I think it depends on how you like to eat. We have never done the meal plan. To us, one of the benefits of timesharing is not having to go out for breakfast. If we were on the meal plan, we would feel like we had to. Also, we have three kids, and so we only do one or two "fancy" meals, and have the rest at more reasonable, family friendly restaurants, some of which are off property. 

The new marina village is fantastic! It really connects Harborside and Atlantis. Most of the new restaurants that have opened up recently are in the marina village. Some are very upscale (Cafe Martinique which doesn't allow children under 13, Seafire Steakhouse, Carmines, and Nobu (in the Casino)) and some are more casual and strictly walk-in-- no reservations (Bimini Road, Johnny Rockets). A new pizza restaurant will be opening soon. It's nice to have more choices.

But if you are the type who likes to eat at the nicer restaurants every night, then the meal plan may work out very nicely for you. BigFrank was there in January and reported that he saved a ton of money with the meal plan. Have you seen the information on the Atlantis website? I can't get a direct link, but if you go to www.Atlantis.com and under the Navigator, click on dining, and then dining plans. 
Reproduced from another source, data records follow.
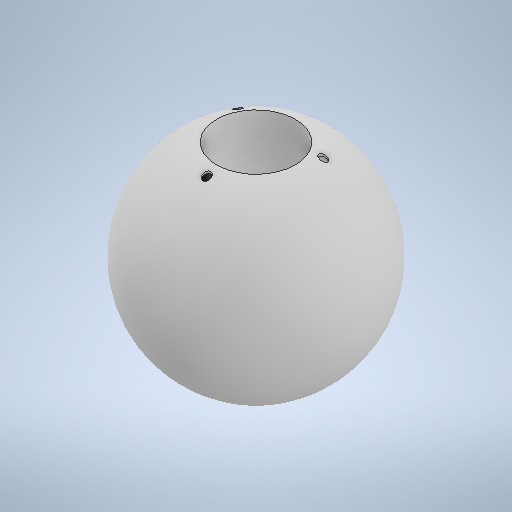
# Autodesk Inventor part: Buoy 10 2in Sphere
Saved by Autodesk Inventor 2025 (Build 290162000, 162)
## iProperties
Created: 2024-07-08
Part Number: Buoy 10 2in Sphere
Material: Generic
Document SubType Name: Modeling
Designer: track
Density: 1 g/cm^3
Appearance: Default
Mass: 1796.3 g
Surface Area: 1146.89 cm^2
Volume: 1796.3 cm^3
Author: track
## iProperties of the stored document Buoy 10 2in Sphere_3DPrint.ipt
Created: 2024-07-08
Part Number: Buoy 10 2in Sphere_3DPrint
Material: Generic
Document SubType Name: Modeling
Designer: track
Density: 1 g/cm^3
Appearance: Default
Author: track
Autodesk Inventor part; units mm, degrees
ref_plane "YZ Plane" through (0, 0, 0) normal (1, 0, 0) x (0, 1, 0)
ref_plane "XZ Plane" through (0, 0, 0) normal (0, 1, 0) x (-1, 0, 0)
ref_plane "XY Plane" through (0, 0, 0) normal (0, 0, 1) x (1, 0, 0)
sketch "Sketch1" plane through (0, 0, 0) normal (0, 0, 1) x (1, 0, 0)
  line L0 (0, 0) -> (0, 152.4)
  line L1 (0, 152.4) -> (30.48, 152.4) construction
  line L2 (30.48, 152.4) -> (30.48, 0)
  arc A0 (30.48, 0) -> (30.48, 152.4) centre (-1.27, 76.2) ccw
  line L3 (31.98, 2.2842) -> (31.98, 150.1158)
  arc A1 (31.98, 2.2842) -> (31.98, 150.1158) centre (-1.27, 76.2) ccw
  point P0 (81.28, 76.2)
  dimension "d0" = 152.4
  dimension "d1" = 30.48
  dimension "d2" = 50.8
  dimension "d3" = 0
  dimension "d4" = 1.5
  constraints: 8 end point, 5 point on circle, 2 centre point, 2 perpendicular, 1 vertical, 1 other
  measures "d0" distance of L1.end L2.end
  measures "d1" distance between parallel lines of L2 L0
  measures "d2" distance from line of L2 point (81.28, 76.2)
  measures "d3" vertical distance of L0.start L2.end
  measures "d4" distance between parallel lines of L2 L3
revolve "Revolution1" add sketch "Sketch1" angle 360 about axis through (0, 0, 0) along (0, 1, 0)
sketch "Sketch2" plane through (0, 0, 0) normal (0, 1, 0) x (-1, 0, 0)
  line L0 (0, 0) -> (0, 38.1) construction
  circle A0 centre (0, 38.1) radius 3
  dimension "d6" = 6
  dimension "d7" = 38.1
  constraints: 2 end point, 1 centre point, 1 coincident, 1 vertical
  measures "d6" diameter of A0
  measures "d7" distance of L0.start L0.end
extrude "Extrusion1" cut sketch "Sketch2" along normal through all
pattern_circular "Circular Pattern1" count 3 over 360 about axis through (0, 76.2, 0) along (0, 1, 0) of "Extrusion1"
body "Solid1"
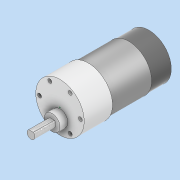
# Autodesk Inventor part: Motor
Saved by Autodesk Inventor 2021 (Build 250183000, 183)
## iProperties
Created: 2021-02-01
Part Number: Motor
Material: Generic
Document SubType Name: Modeling
Designer: garre
Density: 1 g/cm^3
Appearance: Default
Author: garre
Autodesk Inventor part; units mm, degrees
ref_plane "YZ Plane" through (0, 0, 0) normal (1, 0, 0) x (0, 1, 0)
ref_plane "XZ Plane" through (0, 0, 0) normal (0, 1, 0) x (-1, 0, 0)
ref_plane "XY Plane" through (0, 0, 0) normal (0, 0, 1) x (1, 0, 0)
sketch "Sketch1" plane through (0, 0, 0) normal (0, 0, 1) x (1, 0, 0)
  point P0 (0, 0)
sketch "Sketch2" plane through (0, 0, 0) normal (0, 0, 1) x (1, 0, 0)
  circle A0 centre (0, 0) radius 18.4
  dimension "d0" = 36.8
  constraints: 1 centre point, 1 coincident
  measures "d0" diameter of A0
extrude "Extrusion1" add sketch "Sketch2" against normal blind 21.5
sketch "Sketch3" plane through (0, 0, -21.5) normal (0, 0, -1) x (-1, 0, 0)
  circle A0 centre (0, 0) radius 17.4
  dimension "d3" = 34.8
  constraints: 1 centre point, 1 coincident
  measures "d3" diameter of A0
extrude "Extrusion2" add sketch "Sketch3" along normal blind 30.7
sketch "Sketch4" plane through (0, 0, -52.2) normal (0, 0, -1) x (-1, 0, 0)
  circle A0 centre (0, 0) radius 17
  dimension "d6" = 34
  constraints: 1 centre point, 1 coincident
  measures "d6" diameter of A0
extrude "Extrusion3" add sketch "Sketch4" along normal blind 15.4
sketch "Sketch5" plane through (0, 0, 0) normal (0, 0, 1) x (1, 0, 0)
  circle A0 centre (-15.5, 0) radius 1.5
  circle A1 centre (0, 0) radius 18.4 projected
  line L0 (-18.4, 0) -> (18.4, 0)
  line L1 (-1.5961, -18.3306) -> (-1.5961, -18.3306)
  line L2 (0, 18.4) -> (0, -18.4)
  circle A2 centre (0, -7) radius 6
  circle A3 centre (15.5, 0) radius 1.5
  circle A4 centre (0, 0) radius 15.5
  line L3 (-11.863, 20.6629) -> (9.25, -15.9059)
  circle A5 centre (0, 0) radius 18.4 projected
  line L4 (-9.2, -15.9349) -> (9.2, 15.9349)
  circle A6 centre (7.8, -13.3944) radius 1.5
  circle A7 centre (7.75, 13.4234) radius 1.5
  circle A8 centre (-7.75, -13.4234) radius 1.5
  circle A9 centre (-7.6999, 13.4522) radius 1.5
  point P0 (7.75, 13.4234)
  point P1 (7.8, -13.3944)
  dimension "d10" = 3
  dimension "d11" = 12
  dimension "d12" = 7
  dimension "d15" = 3
  dimension "d16" = 31
  dimension "d17" = 2.9
  dimension "d19" = 60
  dimension "d20" = 60
  dimension "d21" = 3
  dimension "d22" = 3
  dimension "d23" = 3
  dimension "d24" = 3
  constraints: 11 point on circle, 10 end point, 8 centre point, 6 point on line, 4 coincident, 3 midpoint, 1 horizontal, 1 tangent, 1 vertical, 4 other
  measures "d10" diameter of A0
  measures "d11" diameter of A2
  measures "d12" vertical distance of A2.centre A0.centre
  measures "d15" diameter of A3
  measures "d16" distance of A3.centre A0.centre
  measures "d17" distance of L0.start A0.centre
  measures "d19" angle of L0 L3
  measures "d20" angle of L0 L4
  measures "d21" diameter of A6
  measures "d22" diameter of A7
  measures "d23" diameter of A8
  measures "d24" diameter of A9
extrude "Extrusion4" add sketch "Sketch5" along normal blind 6 contours A2 L3 L2 | L2 A2 L4 | L4 A2 | A2 L3 picked at (-1.9225, -8.5027)
extrude "Extrusion5" cut sketch "Sketch5" against normal blind 3 contours L0 A4 A0 | A0 A4 L0 | A4 L0 A0 | A0 L0 A4 | A9 L3 A4 | A4 L3 A9 | A8 L4 A4 | A4 L4 A8 | L3 A9 A4 | A4 A9 L3 | L4 A8 A4 | A4 A8 L4 | A3 A4 L0 | L0 A4 A3 | A7 A4 L4 | L4 A4 A7 | A4 A3 L0 | L0 A3 A4 | A7 L4 A4 | L4 A7 A4 | A6 L3 A4 | A4 L3 A6 | L3 A4 A6 | A4 L3 A6
sketch "Sketch6" plane through (0, -7, 6) normal (0, 0, 1) x (1, 0, 0)
  circle A0 centre (0, 0) radius 6 projected
  circle A1 centre (0, 0) radius 3
  point P0 (0, 7)
  dimension "d27" = 6
  constraints: 1 centre point, 1 coincident
  measures "d27" diameter of A1
extrude "Extrusion6" add sketch "Sketch6" along normal blind 16 contours A1
sketch "Sketch7" plane through (0, -7, 22) normal (0, 0, 1) x (1, 0, 0)
  line L0 (-6, 3) -> (6, 3)
  line L1 (6, 3) -> (6, 2.4)
  line L2 (6, 2.4) -> (-6, 2.4)
  line L3 (-6, 2.4) -> (-6, 3)
  circle A0 centre (0, 0) radius 6 projected
  circle A1 centre (0, 0) radius 3 projected
  circle A2 centre (0, 0) radius 3 projected
  line L4 (0, 3) -> (0, -3)
  point P0 (0, 7)
  dimension "d30" = 0.6
  constraints: 10 end point, 2 midpoint, 2 parallel, 2 point on circle, 1 horizontal, 1 perpendicular, 1 vertical, 1 vertical alignment, 1 other
  measures "d30" distance of L2.end L0.start
extrude "Extrusion7" cut sketch "Sketch7" against normal up to surface (16 mm away) contours L0 A0 L2 L3 | L0 A1 L2 A0 | L0 A0 L2 A1 | L4 L2 A1 | A1 L2 L4 | L0 L1 L2 A0 picked at (-1.016, 2.5094) picked at (1.016, 2.5094)
body "Solid1"

But no matter what you decide, make sure you make your Atlantis dinner reservations well in advance of your trip. You can email them to HSMeals@Kerzner.com and they will take care of it for you.


----------



## gmarine (Mar 13, 2006)

I never do the meal plan. There are plenty of other restaurants to go to that have better food and are a better value than the Atlantis restaurants. Going with children make the decision even easier unless you plan on going out for breakfast every morning. 
If you were going to eat every meal at Atlantis anyway then the plan will save you money. Otherwise it isnt worth it.


----------



## mincone (Mar 13, 2006)

gmarine said:
			
		

> I never do the meal plan. There are plenty of other restaurants to go to that have better food and are a better value than the Atlantis restaurants. Going with children make the decision even easier unless you plan on going out for breakfast every morning.
> If you were going to eat every meal at Atlantis anyway then the plan will save you money. Otherwise it isnt worth it.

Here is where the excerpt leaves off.